*** TASK INPUT ***

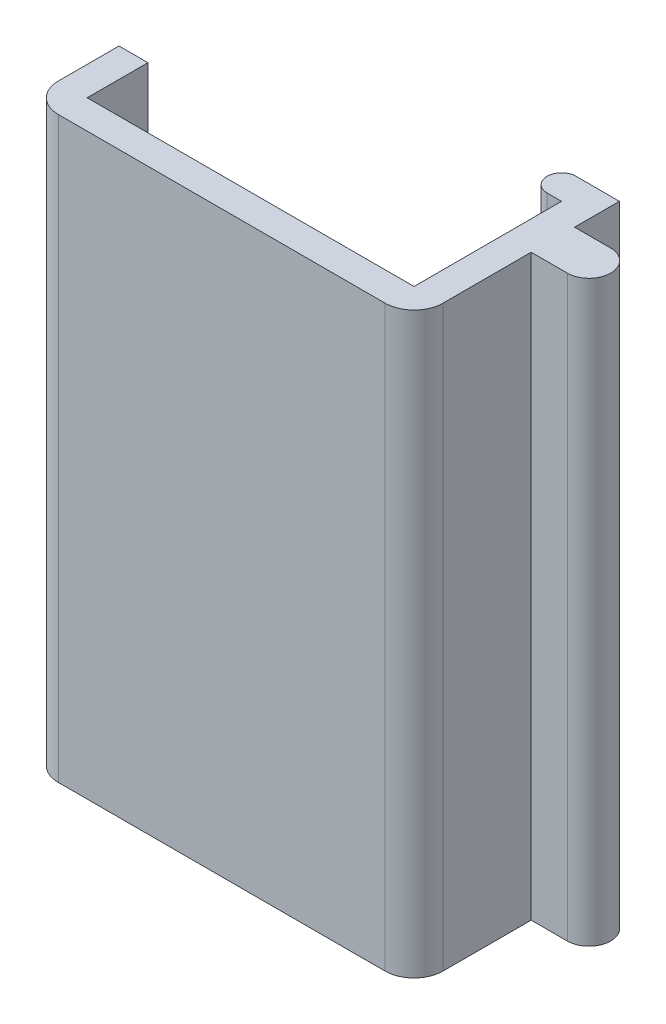
ISO-10303-21;
HEADER;
FILE_DESCRIPTION(('STEP AP214'),'2;1');
FILE_NAME('part.step','',(''),(''),'','','');
FILE_SCHEMA(('AUTOMOTIVE_DESIGN { 1 0 10303 214 1 1 1 1 }'));
ENDSEC;
DATA;
#1=APPLICATION_CONTEXT('core data for automotive mechanical design processes');
#2=APPLICATION_PROTOCOL_DEFINITION('international standard','automotive_design',2000,#1);
#3=PRODUCT_CONTEXT('',#1,'mechanical');
#4=PRODUCT('Part','Part','',(#3));
#5=PRODUCT_RELATED_PRODUCT_CATEGORY('part','',(#4));
#6=PRODUCT_DEFINITION_FORMATION('','',#4);
#7=PRODUCT_DEFINITION_CONTEXT('part definition',#1,'design');
#8=PRODUCT_DEFINITION('design','',#6,#7);
#9=PRODUCT_DEFINITION_SHAPE('','',#8);
#10=(LENGTH_UNIT() NAMED_UNIT(*) SI_UNIT(.MILLI.,.METRE.));
#11=(NAMED_UNIT(*) PLANE_ANGLE_UNIT() SI_UNIT($,.RADIAN.));
#12=(NAMED_UNIT(*) SI_UNIT($,.STERADIAN.) SOLID_ANGLE_UNIT());
#13=UNCERTAINTY_MEASURE_WITH_UNIT(LENGTH_MEASURE(1.E-05),#10,'distance_accuracy_value','');
#14=(GEOMETRIC_REPRESENTATION_CONTEXT(3) GLOBAL_UNCERTAINTY_ASSIGNED_CONTEXT((#13)) GLOBAL_UNIT_ASSIGNED_CONTEXT((#10,
#11,#12)) REPRESENTATION_CONTEXT('',''));
#15=CARTESIAN_POINT('',(0.,0.,0.));
#16=DIRECTION('',(0.,0.,1.));
#17=DIRECTION('',(1.,0.,0.));
#18=AXIS2_PLACEMENT_3D('',#15,#16,#17);
#19=CARTESIAN_POINT('',(10.5325860268922,20.,-1.7));
#20=DIRECTION('',(0.,1.,0.));
#21=DIRECTION('',(0.,0.,1.));
#22=AXIS2_PLACEMENT_3D('',#19,#20,#21);
#23=CYLINDRICAL_SURFACE('',#22,0.75);
#24=DIRECTION('',(0.,-1.,0.));
#25=VECTOR('',#24,1.);
#26=CARTESIAN_POINT('',(10.5325860268922,20.,-2.45));
#27=LINE('',#26,#25);
#28=CARTESIAN_POINT('',(10.5325860268922,20.,-2.45));
#29=VERTEX_POINT('',#28);
#30=CARTESIAN_POINT('',(10.5325860268922,0.,-2.45000000000001));
#31=VERTEX_POINT('',#30);
#32=EDGE_CURVE('E157',#29,#31,#27,.T.);
#33=ORIENTED_EDGE('',*,*,#32,.F.);
#34=CARTESIAN_POINT('',(10.5325860268922,20.,-1.7));
#35=DIRECTION('',(0.,1.,0.));
#36=DIRECTION('',(0.,0.,1.));
#37=AXIS2_PLACEMENT_3D('',#34,#35,#36);
#38=CIRCLE('',#37,0.75);
#39=CARTESIAN_POINT('',(10.5325860268922,20.,-0.950000000000003));
#40=VERTEX_POINT('',#39);
#41=EDGE_CURVE('E49',#40,#29,#38,.T.);
#42=ORIENTED_EDGE('',*,*,#41,.F.);
#43=DIRECTION('',(0.,-1.,0.));
#44=VECTOR('',#43,1.);
#45=CARTESIAN_POINT('',(10.5325860268922,20.,-0.950000000000003));
#46=LINE('',#45,#44);
#47=CARTESIAN_POINT('',(10.5325860268922,0.,-0.950000000000003));
#48=VERTEX_POINT('',#47);
#49=EDGE_CURVE('E271',#48,#40,#46,.F.);
#50=ORIENTED_EDGE('',*,*,#49,.F.);
#51=CARTESIAN_POINT('',(10.5325860268922,0.,-1.70000000000001));
#52=DIRECTION('',(0.,1.,0.));
#53=DIRECTION('',(0.,0.,1.));
#54=AXIS2_PLACEMENT_3D('',#51,#52,#53);
#55=CIRCLE('',#54,0.75);
#56=EDGE_CURVE('E11',#31,#48,#55,.F.);
#57=ORIENTED_EDGE('',*,*,#56,.F.);
#58=EDGE_LOOP('',(#33,#42,#50,#57));
#59=FACE_BOUND('',#58,.T.);
#60=ADVANCED_FACE('F41',(#59),#23,.T.);
#61=CARTESIAN_POINT('',(9.28258602689219,20.,3.1));
#62=DIRECTION('',(-1.,0.,0.));
#63=DIRECTION('',(0.,0.,1.));
#64=AXIS2_PLACEMENT_3D('',#61,#62,#63);
#65=PLANE('',#64);
#66=DIRECTION('',(0.,-1.,0.));
#67=VECTOR('',#66,1.);
#68=CARTESIAN_POINT('',(9.28258602689219,20.,-0.950000000000003));
#69=LINE('',#68,#67);
#70=CARTESIAN_POINT('',(9.28258602689218,20.,-0.950000000000002));
#71=VERTEX_POINT('',#70);
#72=CARTESIAN_POINT('',(9.28258602689218,0.,-0.950000000000002));
#73=VERTEX_POINT('',#72);
#74=EDGE_CURVE('E176',#71,#73,#69,.T.);
#75=ORIENTED_EDGE('',*,*,#74,.F.);
#76=DIRECTION('',(0.,0.,-1.));
#77=VECTOR('',#76,1.);
#78=CARTESIAN_POINT('',(9.28258602689219,20.,3.1));
#79=LINE('',#78,#77);
#80=CARTESIAN_POINT('',(9.28258602689219,20.,2.1));
#81=VERTEX_POINT('',#80);
#82=EDGE_CURVE('E197',#81,#71,#79,.T.);
#83=ORIENTED_EDGE('',*,*,#82,.F.);
#84=DIRECTION('',(0.,1.,0.));
#85=VECTOR('',#84,1.);
#86=CARTESIAN_POINT('',(9.28258602689219,20.,2.1));
#87=LINE('',#86,#85);
#88=CARTESIAN_POINT('',(9.28258602689219,0.,2.1));
#89=VERTEX_POINT('',#88);
#90=EDGE_CURVE('E263',#81,#89,#87,.F.);
#91=ORIENTED_EDGE('',*,*,#90,.T.);
#92=DIRECTION('',(0.,0.,-1.));
#93=VECTOR('',#92,1.);
#94=CARTESIAN_POINT('',(9.28258602689219,0.,3.1));
#95=LINE('',#94,#93);
#96=EDGE_CURVE('E169',#89,#73,#95,.T.);
#97=ORIENTED_EDGE('',*,*,#96,.T.);
#98=EDGE_LOOP('',(#75,#83,#91,#97));
#99=FACE_BOUND('',#98,.T.);
#100=ADVANCED_FACE('F281',(#99),#65,.F.);
#101=DIRECTION('',(0.,1.,0.));
#102=VECTOR('',#101,1.);
#103=CARTESIAN_POINT('',(9.28258602689219,20.,-2.45));
#104=LINE('',#103,#102);
#105=CARTESIAN_POINT('',(9.28258602689219,0.,-2.45000000000001));
#106=VERTEX_POINT('',#105);
#107=CARTESIAN_POINT('',(9.28258602689218,20.,-2.45));
#108=VERTEX_POINT('',#107);
#109=EDGE_CURVE('E156',#106,#108,#104,.T.);
#110=ORIENTED_EDGE('',*,*,#109,.F.);
#111=CARTESIAN_POINT('',(9.28258602689218,0.,-4.));
#112=VERTEX_POINT('',#111);
#113=EDGE_CURVE('E162',#106,#112,#95,.T.);
#114=ORIENTED_EDGE('',*,*,#113,.T.);
#115=DIRECTION('',(0.,-1.,0.));
#116=VECTOR('',#115,1.);
#117=CARTESIAN_POINT('',(9.28258602689218,20.,-4.));
#118=LINE('',#117,#116);
#119=CARTESIAN_POINT('',(9.28258602689218,20.,-4.));
#120=VERTEX_POINT('',#119);
#121=EDGE_CURVE('E235',#120,#112,#118,.T.);
#122=ORIENTED_EDGE('',*,*,#121,.F.);
#123=EDGE_CURVE('E174',#108,#120,#79,.T.);
#124=ORIENTED_EDGE('',*,*,#123,.F.);
#125=EDGE_LOOP('',(#110,#114,#122,#124));
#126=FACE_BOUND('',#125,.T.);
#127=ADVANCED_FACE('F173',(#126),#65,.F.);
#128=CARTESIAN_POINT('',(8.28258602689219,20.,2.1));
#129=DIRECTION('',(0.,1.,0.));
#130=DIRECTION('',(0.,0.,1.));
#131=AXIS2_PLACEMENT_3D('',#128,#129,#130);
#132=CYLINDRICAL_SURFACE('',#131,1.);
#133=DIRECTION('',(0.,1.,0.));
#134=VECTOR('',#133,1.);
#135=CARTESIAN_POINT('',(8.28258602689219,20.,3.1));
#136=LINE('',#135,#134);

*** End of TASK INPUT ***

● **TASK TO COMPLETE**:
Given the records above, reproduce precisely and only the lines between the line holding "#111=CARTESIAN_POINT('',(9.28258602689218,0.,-4.));" and the line holding "#118=LINE('',#117,#116);", inclusive.

● **OUTPUT OF THE TASK**:
#111=CARTESIAN_POINT('',(9.28258602689218,0.,-4.));
#112=VERTEX_POINT('',#111);
#113=EDGE_CURVE('E162',#106,#112,#95,.T.);
#114=ORIENTED_EDGE('',*,*,#113,.T.);
#115=DIRECTION('',(0.,-1.,0.));
#116=VECTOR('',#115,1.);
#117=CARTESIAN_POINT('',(9.28258602689218,20.,-4.));
#118=LINE('',#117,#116);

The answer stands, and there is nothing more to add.